Associate Professor, Comparative Politics
School of Government and International Relations
Griffith University
Individual Projects
Repression in Southeast Asia: Theory, Practice and Implications
This new book project seeks to account for the different practices of repression across Southeast Asia. Given that autocratic regimes are routinely challenged by civil society groups, opposition parties and engaged citizens throughout the region, what explains the significant variation we observe in the target, scope and severity of repression.
"Personalist Dictatorships and Measurement Validity"
This paper questions how authoritarian regime datasets classify (and do not classify) personalist dictatorships. Despite widespread use of these cross-sectional time-series tools in comparative politics, very little attention has been paid to the quality of the judgments contained within them. This paper offers a closer examination and finds basic problems concerning well-established standards of measurement validity. A particular concern is the systemization, operationalization and scoring procedures employed, which struggle to meaningfully capture the corresponding concept of personalist dictatorship. The paper concludes by questioning the reliability of empirical inferences based on these datasets, including whether personalist dictatorships will undergo democratization, commit repression and initiate war.
Collaborative Projects
"Parliaments under Fire: Conceptualizing and Operationalizing Legislative Closure" (with Lindsay Benstead, Margaret Hanson, Allison Hartnett, Ben Noble, Paul Schuler, Matthew Wilson, Josef Woldense)
Why do political leaders close down legislatures? In spite of the recent work on legislatures in non democracies, we know little about when, how, and why these bodies’ activities are disrupted. This paper – written by members of the ‘Parliaments Under Fire’ project – evaluates the existing cross-national data available on closure episodes, noting the frequent discrepancies in coding decisions between two popular datasets: Democracy and Dictatorship (Cheibub, Gandhi & Vreeland 2010) and V-Dem (Coppedge et al. 2020). Country-case studies of closures highlight both the nature of these discrepancies, as well as issues of conceptualization and operationalization of ‘closure’. The paper proposes a classification tree of closure types to help order the variety and complexity of closure episodes, thereby contributing to the literatures on authoritarianism and legislatures.

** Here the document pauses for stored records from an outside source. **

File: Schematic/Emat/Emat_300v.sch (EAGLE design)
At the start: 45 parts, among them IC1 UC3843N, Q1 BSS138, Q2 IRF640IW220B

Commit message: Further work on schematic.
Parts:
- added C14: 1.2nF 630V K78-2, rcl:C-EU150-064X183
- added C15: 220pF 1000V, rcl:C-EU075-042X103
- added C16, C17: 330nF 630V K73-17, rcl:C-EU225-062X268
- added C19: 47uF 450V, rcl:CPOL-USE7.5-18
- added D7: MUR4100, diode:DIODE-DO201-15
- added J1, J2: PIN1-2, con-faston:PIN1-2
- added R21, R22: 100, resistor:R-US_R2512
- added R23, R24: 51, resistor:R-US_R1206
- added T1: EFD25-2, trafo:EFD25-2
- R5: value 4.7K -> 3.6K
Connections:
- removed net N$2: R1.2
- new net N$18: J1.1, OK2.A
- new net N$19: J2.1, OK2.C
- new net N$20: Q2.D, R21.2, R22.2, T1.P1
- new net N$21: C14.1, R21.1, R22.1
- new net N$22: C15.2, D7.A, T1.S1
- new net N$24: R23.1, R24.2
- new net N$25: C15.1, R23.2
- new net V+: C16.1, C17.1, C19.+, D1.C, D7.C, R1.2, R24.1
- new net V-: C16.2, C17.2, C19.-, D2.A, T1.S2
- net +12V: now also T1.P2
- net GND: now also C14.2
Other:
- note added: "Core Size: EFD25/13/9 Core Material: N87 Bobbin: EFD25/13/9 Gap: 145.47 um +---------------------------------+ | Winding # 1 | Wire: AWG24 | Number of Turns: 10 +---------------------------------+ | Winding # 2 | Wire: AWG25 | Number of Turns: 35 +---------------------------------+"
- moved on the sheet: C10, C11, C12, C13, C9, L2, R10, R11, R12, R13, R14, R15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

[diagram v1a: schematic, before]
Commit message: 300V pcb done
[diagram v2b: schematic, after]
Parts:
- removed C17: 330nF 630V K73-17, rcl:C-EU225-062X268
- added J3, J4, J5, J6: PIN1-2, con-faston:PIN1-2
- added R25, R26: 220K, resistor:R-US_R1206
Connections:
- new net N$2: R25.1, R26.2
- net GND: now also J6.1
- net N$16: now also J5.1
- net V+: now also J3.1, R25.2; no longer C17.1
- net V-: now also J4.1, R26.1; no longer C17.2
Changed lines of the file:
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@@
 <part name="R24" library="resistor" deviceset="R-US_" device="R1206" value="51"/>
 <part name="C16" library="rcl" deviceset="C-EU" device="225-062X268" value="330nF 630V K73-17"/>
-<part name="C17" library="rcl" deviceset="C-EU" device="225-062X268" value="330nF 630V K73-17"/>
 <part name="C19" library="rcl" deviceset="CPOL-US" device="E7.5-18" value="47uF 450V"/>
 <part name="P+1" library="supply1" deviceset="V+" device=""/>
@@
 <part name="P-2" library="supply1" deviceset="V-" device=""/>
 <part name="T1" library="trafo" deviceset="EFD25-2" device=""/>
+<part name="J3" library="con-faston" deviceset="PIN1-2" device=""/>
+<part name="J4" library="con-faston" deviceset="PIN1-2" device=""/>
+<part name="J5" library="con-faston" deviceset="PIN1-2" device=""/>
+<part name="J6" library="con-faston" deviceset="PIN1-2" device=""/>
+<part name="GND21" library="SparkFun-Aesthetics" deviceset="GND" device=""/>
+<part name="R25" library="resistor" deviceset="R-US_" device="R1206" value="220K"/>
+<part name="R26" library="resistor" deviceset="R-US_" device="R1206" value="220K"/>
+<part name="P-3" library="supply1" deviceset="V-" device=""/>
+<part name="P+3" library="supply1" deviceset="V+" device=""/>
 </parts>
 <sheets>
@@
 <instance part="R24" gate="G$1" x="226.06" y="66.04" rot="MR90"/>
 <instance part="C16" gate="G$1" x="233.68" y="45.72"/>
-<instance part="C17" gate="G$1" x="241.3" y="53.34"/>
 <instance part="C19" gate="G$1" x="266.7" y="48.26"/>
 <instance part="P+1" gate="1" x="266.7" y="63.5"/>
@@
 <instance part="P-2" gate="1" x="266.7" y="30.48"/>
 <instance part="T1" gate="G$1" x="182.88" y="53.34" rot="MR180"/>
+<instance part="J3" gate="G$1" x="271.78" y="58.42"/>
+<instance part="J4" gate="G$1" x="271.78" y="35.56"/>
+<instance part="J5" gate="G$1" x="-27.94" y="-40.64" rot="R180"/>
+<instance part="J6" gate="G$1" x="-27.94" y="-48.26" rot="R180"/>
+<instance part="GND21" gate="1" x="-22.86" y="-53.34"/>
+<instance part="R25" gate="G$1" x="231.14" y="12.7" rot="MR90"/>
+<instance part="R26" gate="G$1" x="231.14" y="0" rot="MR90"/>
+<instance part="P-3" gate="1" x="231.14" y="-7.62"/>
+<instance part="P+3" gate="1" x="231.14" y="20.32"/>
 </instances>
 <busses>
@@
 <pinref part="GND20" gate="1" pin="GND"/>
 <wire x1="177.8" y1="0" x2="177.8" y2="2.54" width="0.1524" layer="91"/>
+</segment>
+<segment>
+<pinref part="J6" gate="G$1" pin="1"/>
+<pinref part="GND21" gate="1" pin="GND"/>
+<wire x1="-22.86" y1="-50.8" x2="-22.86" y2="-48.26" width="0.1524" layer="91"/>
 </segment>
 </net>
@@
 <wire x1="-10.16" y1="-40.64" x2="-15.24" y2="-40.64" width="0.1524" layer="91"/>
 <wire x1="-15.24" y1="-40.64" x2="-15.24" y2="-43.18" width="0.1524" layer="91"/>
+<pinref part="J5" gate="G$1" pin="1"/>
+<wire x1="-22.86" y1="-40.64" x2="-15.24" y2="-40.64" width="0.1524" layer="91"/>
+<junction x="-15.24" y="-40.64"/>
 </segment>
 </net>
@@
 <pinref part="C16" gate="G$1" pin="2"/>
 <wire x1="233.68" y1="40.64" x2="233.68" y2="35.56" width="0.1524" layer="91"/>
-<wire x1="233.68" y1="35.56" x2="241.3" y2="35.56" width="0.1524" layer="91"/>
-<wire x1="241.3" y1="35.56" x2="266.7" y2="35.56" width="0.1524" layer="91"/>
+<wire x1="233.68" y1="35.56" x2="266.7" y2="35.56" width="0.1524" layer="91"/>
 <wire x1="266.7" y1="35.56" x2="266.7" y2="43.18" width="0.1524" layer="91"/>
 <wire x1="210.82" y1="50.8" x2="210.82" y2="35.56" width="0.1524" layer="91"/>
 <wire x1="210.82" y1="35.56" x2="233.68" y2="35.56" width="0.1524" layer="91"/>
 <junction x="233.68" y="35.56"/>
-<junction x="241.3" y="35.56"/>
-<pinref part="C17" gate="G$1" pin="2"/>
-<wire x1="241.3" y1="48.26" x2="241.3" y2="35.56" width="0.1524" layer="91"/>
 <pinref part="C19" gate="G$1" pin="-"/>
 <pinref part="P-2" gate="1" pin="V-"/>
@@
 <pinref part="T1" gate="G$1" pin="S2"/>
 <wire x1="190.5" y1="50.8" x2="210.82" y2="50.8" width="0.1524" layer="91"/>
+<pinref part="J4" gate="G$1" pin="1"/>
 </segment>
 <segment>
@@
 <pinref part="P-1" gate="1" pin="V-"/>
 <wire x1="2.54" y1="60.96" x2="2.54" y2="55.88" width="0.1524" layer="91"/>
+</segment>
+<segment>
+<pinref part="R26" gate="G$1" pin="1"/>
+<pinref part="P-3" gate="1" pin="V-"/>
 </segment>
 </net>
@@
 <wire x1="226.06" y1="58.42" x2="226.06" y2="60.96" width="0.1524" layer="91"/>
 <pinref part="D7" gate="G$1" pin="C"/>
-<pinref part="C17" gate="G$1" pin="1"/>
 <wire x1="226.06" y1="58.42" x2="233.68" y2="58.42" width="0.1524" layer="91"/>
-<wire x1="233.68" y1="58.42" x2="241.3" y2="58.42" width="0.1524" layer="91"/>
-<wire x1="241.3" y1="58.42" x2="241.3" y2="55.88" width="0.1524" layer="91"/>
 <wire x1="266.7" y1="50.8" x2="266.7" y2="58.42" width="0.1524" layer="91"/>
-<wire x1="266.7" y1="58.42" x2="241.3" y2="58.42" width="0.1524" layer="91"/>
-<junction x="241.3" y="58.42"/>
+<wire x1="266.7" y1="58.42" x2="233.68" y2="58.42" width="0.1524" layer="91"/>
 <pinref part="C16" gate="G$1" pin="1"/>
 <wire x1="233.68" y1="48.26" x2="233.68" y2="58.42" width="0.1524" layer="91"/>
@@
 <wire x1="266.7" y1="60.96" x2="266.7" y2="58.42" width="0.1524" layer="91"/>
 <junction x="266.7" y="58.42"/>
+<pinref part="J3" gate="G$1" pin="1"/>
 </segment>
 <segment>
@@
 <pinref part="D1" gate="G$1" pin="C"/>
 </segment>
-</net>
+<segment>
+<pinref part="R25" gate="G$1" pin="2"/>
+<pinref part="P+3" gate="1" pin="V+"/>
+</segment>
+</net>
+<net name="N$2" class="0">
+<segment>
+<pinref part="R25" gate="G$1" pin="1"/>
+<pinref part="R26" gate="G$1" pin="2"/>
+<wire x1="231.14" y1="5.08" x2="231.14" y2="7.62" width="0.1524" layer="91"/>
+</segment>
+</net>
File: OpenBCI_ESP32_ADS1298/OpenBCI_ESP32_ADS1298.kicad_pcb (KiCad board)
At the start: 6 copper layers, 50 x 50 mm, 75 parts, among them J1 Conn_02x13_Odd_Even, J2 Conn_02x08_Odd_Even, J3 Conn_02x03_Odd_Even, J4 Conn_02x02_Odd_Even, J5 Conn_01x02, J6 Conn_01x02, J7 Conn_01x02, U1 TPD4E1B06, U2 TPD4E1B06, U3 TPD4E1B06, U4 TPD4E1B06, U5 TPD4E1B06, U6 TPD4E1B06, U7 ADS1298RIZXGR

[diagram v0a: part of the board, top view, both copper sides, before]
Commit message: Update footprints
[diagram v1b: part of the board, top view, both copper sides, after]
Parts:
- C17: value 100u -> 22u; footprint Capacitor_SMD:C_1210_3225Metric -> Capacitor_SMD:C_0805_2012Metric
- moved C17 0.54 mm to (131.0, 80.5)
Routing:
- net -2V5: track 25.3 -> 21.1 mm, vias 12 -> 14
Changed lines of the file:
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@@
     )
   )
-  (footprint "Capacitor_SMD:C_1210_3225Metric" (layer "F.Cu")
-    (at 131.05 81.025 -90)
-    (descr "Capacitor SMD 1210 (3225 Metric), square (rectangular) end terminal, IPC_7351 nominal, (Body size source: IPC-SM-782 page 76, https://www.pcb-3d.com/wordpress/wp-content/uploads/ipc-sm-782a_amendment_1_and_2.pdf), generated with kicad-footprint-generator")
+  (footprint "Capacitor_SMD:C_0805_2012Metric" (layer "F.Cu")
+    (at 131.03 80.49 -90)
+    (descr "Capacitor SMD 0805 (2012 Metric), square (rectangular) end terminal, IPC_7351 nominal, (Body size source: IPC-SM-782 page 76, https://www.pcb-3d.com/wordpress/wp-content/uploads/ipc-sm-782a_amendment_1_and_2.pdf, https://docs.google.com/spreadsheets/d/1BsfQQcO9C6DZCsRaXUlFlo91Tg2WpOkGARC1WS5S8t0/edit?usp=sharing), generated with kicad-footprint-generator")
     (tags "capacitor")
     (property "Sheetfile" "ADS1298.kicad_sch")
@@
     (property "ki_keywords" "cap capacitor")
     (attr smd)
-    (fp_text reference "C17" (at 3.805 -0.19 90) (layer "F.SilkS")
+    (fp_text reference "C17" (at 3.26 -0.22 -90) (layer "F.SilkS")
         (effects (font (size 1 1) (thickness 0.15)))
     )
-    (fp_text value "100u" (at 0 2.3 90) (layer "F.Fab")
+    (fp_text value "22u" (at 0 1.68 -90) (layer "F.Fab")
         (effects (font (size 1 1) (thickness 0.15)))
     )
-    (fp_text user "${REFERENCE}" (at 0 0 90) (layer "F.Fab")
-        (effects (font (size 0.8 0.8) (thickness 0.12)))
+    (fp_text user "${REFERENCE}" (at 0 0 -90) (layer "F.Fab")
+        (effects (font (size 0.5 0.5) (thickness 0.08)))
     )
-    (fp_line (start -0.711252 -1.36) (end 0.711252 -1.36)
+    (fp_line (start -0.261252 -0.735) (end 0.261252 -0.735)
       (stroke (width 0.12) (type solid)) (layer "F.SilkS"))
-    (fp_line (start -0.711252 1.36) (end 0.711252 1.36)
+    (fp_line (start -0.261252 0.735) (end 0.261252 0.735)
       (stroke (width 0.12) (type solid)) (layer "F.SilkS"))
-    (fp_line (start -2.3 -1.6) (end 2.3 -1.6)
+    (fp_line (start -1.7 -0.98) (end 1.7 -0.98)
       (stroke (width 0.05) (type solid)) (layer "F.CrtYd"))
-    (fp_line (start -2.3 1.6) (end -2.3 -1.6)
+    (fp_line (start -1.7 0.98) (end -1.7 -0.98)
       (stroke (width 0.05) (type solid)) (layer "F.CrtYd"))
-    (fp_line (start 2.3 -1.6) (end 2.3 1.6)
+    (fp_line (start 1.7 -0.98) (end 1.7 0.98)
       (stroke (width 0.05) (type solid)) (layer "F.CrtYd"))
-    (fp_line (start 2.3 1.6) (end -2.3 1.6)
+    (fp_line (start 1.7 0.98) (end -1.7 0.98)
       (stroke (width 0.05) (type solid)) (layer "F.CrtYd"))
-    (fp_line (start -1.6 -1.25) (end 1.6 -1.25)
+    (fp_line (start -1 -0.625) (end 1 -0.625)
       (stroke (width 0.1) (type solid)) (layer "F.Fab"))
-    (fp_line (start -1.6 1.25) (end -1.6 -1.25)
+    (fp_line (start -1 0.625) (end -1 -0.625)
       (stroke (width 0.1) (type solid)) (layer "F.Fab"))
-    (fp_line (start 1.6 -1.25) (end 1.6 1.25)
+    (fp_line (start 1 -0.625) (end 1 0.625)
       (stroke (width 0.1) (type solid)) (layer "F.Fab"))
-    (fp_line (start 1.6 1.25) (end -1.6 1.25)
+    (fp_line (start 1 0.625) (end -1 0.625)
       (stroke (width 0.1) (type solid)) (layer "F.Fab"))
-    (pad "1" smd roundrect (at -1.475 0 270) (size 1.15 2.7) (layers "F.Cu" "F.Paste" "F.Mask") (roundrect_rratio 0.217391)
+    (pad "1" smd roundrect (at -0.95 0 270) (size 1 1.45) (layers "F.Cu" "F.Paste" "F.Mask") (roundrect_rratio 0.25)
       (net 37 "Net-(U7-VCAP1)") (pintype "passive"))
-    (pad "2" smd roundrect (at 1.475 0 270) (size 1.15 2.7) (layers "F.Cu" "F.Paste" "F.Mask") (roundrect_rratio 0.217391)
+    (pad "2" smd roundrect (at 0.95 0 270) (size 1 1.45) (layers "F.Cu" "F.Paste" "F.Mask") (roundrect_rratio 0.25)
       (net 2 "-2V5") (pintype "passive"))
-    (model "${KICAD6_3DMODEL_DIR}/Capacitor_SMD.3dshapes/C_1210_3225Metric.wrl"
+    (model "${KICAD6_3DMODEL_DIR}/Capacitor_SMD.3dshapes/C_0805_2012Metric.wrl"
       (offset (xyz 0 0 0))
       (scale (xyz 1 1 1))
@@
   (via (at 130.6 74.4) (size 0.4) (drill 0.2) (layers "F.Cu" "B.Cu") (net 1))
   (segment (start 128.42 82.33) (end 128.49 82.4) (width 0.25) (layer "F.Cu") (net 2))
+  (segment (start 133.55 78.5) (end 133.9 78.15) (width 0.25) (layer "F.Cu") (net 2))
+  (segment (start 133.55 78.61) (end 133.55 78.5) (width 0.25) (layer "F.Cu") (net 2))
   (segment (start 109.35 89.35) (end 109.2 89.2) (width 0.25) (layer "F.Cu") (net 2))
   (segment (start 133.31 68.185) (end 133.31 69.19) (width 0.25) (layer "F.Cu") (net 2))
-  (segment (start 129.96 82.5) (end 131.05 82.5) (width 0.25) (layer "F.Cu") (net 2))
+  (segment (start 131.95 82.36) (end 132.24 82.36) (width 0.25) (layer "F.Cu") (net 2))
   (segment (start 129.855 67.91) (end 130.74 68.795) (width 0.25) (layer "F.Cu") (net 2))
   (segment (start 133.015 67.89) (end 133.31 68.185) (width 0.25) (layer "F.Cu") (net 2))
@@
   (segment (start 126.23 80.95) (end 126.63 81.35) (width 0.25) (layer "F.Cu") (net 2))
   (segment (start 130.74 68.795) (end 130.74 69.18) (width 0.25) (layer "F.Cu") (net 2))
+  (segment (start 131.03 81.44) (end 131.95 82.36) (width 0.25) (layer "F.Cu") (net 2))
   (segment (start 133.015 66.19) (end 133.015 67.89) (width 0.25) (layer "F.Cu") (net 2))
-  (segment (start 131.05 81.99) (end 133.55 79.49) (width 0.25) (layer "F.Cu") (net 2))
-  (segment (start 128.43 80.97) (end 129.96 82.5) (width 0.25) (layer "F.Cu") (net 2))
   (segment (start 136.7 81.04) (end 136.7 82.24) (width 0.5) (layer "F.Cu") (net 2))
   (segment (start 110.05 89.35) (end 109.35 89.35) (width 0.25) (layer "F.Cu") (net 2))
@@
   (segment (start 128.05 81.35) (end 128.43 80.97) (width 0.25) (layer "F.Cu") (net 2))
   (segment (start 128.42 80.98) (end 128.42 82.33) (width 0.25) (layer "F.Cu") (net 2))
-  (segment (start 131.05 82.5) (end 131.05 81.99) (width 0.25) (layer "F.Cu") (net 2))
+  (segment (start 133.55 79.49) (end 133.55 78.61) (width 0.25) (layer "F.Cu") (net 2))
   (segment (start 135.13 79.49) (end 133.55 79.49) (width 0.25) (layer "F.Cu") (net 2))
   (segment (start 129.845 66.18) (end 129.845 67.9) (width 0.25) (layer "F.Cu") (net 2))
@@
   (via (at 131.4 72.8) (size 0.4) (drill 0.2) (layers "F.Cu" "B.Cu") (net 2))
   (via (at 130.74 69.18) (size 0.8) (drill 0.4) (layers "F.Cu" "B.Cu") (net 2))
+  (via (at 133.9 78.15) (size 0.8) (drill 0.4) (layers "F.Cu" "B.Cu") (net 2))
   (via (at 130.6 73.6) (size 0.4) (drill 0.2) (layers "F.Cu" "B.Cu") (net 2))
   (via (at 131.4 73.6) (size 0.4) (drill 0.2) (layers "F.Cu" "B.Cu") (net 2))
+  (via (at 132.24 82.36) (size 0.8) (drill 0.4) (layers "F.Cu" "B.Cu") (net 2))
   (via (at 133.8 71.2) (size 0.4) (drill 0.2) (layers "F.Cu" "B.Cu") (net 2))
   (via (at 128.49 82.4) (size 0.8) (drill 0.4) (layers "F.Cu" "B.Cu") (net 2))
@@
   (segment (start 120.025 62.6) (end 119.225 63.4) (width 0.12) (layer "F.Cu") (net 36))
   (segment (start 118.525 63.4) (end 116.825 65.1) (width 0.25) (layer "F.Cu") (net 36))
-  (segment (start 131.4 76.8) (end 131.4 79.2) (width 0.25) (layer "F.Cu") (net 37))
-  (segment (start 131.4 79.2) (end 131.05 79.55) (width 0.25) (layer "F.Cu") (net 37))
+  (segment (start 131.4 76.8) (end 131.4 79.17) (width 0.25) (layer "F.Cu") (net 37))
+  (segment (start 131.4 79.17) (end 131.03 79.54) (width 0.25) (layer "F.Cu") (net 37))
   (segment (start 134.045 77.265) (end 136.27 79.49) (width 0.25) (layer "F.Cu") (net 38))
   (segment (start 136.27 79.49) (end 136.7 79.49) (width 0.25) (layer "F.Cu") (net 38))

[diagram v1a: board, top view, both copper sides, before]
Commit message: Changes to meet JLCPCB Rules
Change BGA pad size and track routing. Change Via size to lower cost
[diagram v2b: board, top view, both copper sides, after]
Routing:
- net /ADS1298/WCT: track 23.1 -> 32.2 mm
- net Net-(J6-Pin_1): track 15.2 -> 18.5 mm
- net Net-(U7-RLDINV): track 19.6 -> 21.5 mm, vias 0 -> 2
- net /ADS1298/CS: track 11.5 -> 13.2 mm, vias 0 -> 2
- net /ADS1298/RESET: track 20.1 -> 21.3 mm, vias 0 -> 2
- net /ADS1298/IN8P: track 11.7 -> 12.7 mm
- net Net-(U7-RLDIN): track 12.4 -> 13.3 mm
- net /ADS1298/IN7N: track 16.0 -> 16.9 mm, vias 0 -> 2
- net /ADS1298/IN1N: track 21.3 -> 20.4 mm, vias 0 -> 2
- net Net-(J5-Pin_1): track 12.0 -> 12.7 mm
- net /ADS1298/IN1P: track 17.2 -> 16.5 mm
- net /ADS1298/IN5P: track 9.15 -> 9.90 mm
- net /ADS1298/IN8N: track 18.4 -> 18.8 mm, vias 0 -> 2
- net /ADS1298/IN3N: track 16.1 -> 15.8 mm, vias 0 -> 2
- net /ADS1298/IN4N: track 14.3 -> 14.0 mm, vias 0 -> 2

"On the Move: Dictators, Security and Capital Relocations" (with Carl Henrik Knutsen and Tore Wig)
Why do some countries make the costly move to relocate their capital city? Existing research offers four general explanations for this momentous action: administrative functionality, economic development, environmental degradation, and national integration. Using an original dataset on all capital relocations in 202 polities across the world from 1789 to 2020, our analysis shows that dictatorships are much more likely to relocate their capitals than democracies. This relationship is both strong and robust to accounting for various other factors that supposedly explain capital relocations. We offer a less sanguine theoretical argument to explain this pattern: capital relocations offer autocratic leaders a way to mitigate security threats such as coups, popular protests, and foreign intervention. We test these empirical implications on our global dataset, using different estimators and model specifications. Using different measurement to capture risk of regime breakdown in autocracies, we also find evidence suggesting that autocracies are more likely to relocate their capitals when the risk of breakdown is high. When running subnational analyses, we find little evidence that economic rationales are influencing capital moves in dictatorships, but we do find some evidence, in line with our argument, that capitals are relocated to smaller cities and farther away from borders with neighbouring countries. While other causal processes may be consistent with our findings, we submit that the most plausible interpretation of these findings is that autocratic regimes relocate capitals mainly for reasons of mitigating different types of threats to their own rule.
"The Singapore Model of Authoritarianism" (with Milan Svolik)
We propose a novel explanation for the emergence, persistence, and decline of dominant parties. We develop a model in which a political party’s temporary electoral advantage results in a self-sustaining cycle of quality-based incumbency advantage. In equilibrium, i) the dominant party recruits candidates of higher quality than its competitors, ii) highest quality candidates aspire to join the dominant party because it is more likely to win elections, iii) voters correctly anticipate the dominant party’s quality advantage and re-elect it. We evaluate this framework by combining a range of qualitative and quantitative evidence from Singapore. Using original data on all candidates for political office since independence, we show that the governing People’s Action Party (PAP) indeed fields more competent candidates than its competitors. Using survey experimental data, we show that Singaporeans value competence and associate it with the PAP, and that when Singaporeans vote for the PAP, they are in effect trading-off democracy for competent governance. Our analysis clarifies why dominant parties are most vulnerable to defectors from their own ranks, why the opposition in dominant party regimes tends to be more ideological and fragmented, and why the demise of dominant parties requires a prolonged period of economic decline.